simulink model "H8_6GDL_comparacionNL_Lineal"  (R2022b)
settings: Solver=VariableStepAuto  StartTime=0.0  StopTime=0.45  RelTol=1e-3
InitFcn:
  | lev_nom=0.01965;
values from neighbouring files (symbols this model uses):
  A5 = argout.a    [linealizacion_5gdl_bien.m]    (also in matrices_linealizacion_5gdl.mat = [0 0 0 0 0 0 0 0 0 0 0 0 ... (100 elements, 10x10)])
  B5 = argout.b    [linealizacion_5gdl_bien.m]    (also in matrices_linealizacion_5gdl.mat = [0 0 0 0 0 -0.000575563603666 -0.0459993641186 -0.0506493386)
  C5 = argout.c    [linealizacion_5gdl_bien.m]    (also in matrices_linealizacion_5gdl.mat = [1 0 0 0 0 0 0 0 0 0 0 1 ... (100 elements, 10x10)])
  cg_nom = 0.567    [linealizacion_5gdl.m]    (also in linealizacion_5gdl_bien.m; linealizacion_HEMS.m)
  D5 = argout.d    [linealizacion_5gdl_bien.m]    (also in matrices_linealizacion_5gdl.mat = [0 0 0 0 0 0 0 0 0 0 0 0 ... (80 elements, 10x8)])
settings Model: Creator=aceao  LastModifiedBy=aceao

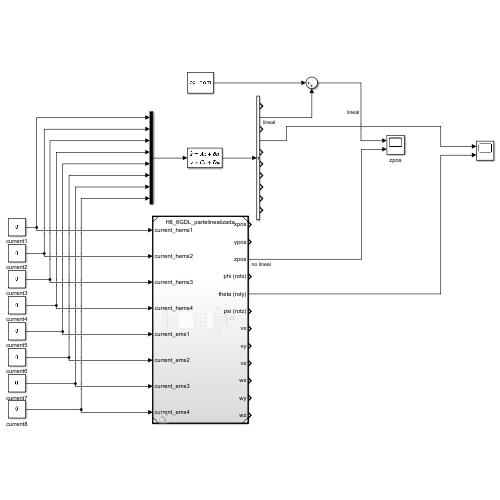
[thumbnail: Simulink's stored preview of the top-level diagram]
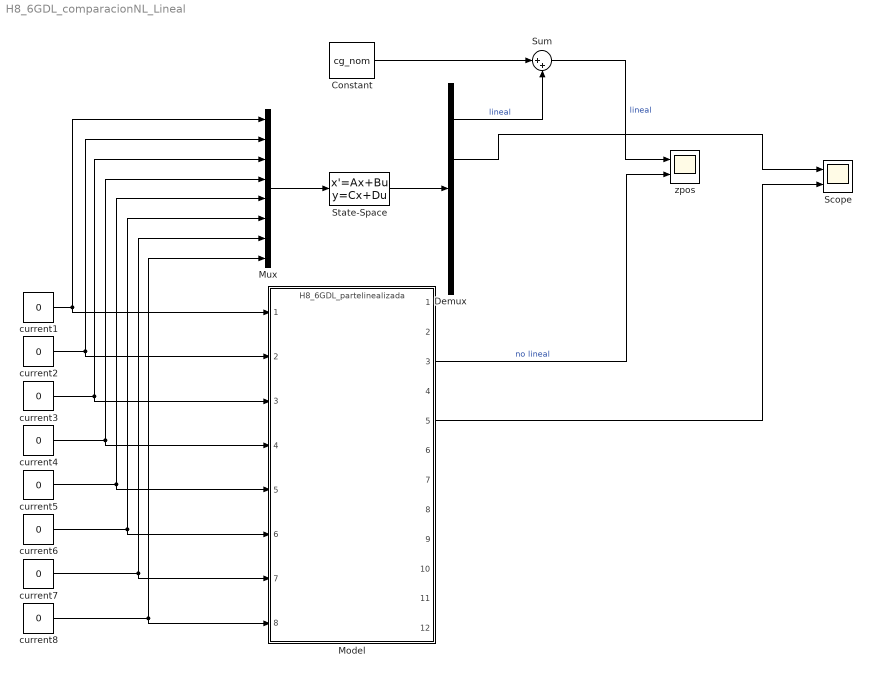
== system H8_6GDL_comparacionNL_Lineal ==
  Constant : Constant  Value=cg_nom
  Demux : Demux  Outputs=10
      settings: DisplayOption=none
  Model : ModelReference  ModelNameDialog=H8_6GDL_partelinealizada.slx  SimulationMode=Normal  ModelReferenceVersion=1.30
  Mux : Mux  Inputs=8
  Scope : Scope  NumInputPorts=2
  State-Space : StateSpace  A=A5  B=B5  C=C5  D=D5  InitialCondition=[0 0.001 0 0 0 0 0 0 0 0]
  Sum : Sum  Inputs=|++
  current{1..8} (8 alike) : Constant  Value=0
  zpos : Scope  NumInputPorts=2
  wires:
  Mux/1 -> State-Space/1
  current1/1 -> Mux/1, Model/1
  current2/1 -> Mux/2, Model/2
  current4/1 -> Mux/4, Model/4
  current3/1 -> Mux/3, Model/3
  current7/1 -> Mux/7, Model/7
  current8/1 -> Mux/8, Model/8
  current6/1 -> Mux/6, Model/6
  current5/1 -> Mux/5, Model/5
  State-Space/1 -> Demux/1
  Constant/1 -> Sum/1
  Sum/1 -> zpos/1  "lineal"
  Demux/2 -> Sum/2  "lineal"
  Model/3 -> zpos/2  "no lineal"
  Demux/4 -> Scope/1
  Model/5 -> Scope/2

◆ ◆ ◆ ◆

**Work required:** Search the records for the string "Constant" and return every line in which it occurs.

**Solution to this task:**
  Constant : Constant  Value=cg_nom
  current{1..8} (8 alike) : Constant  Value=0
  Constant/1 -> Sum/1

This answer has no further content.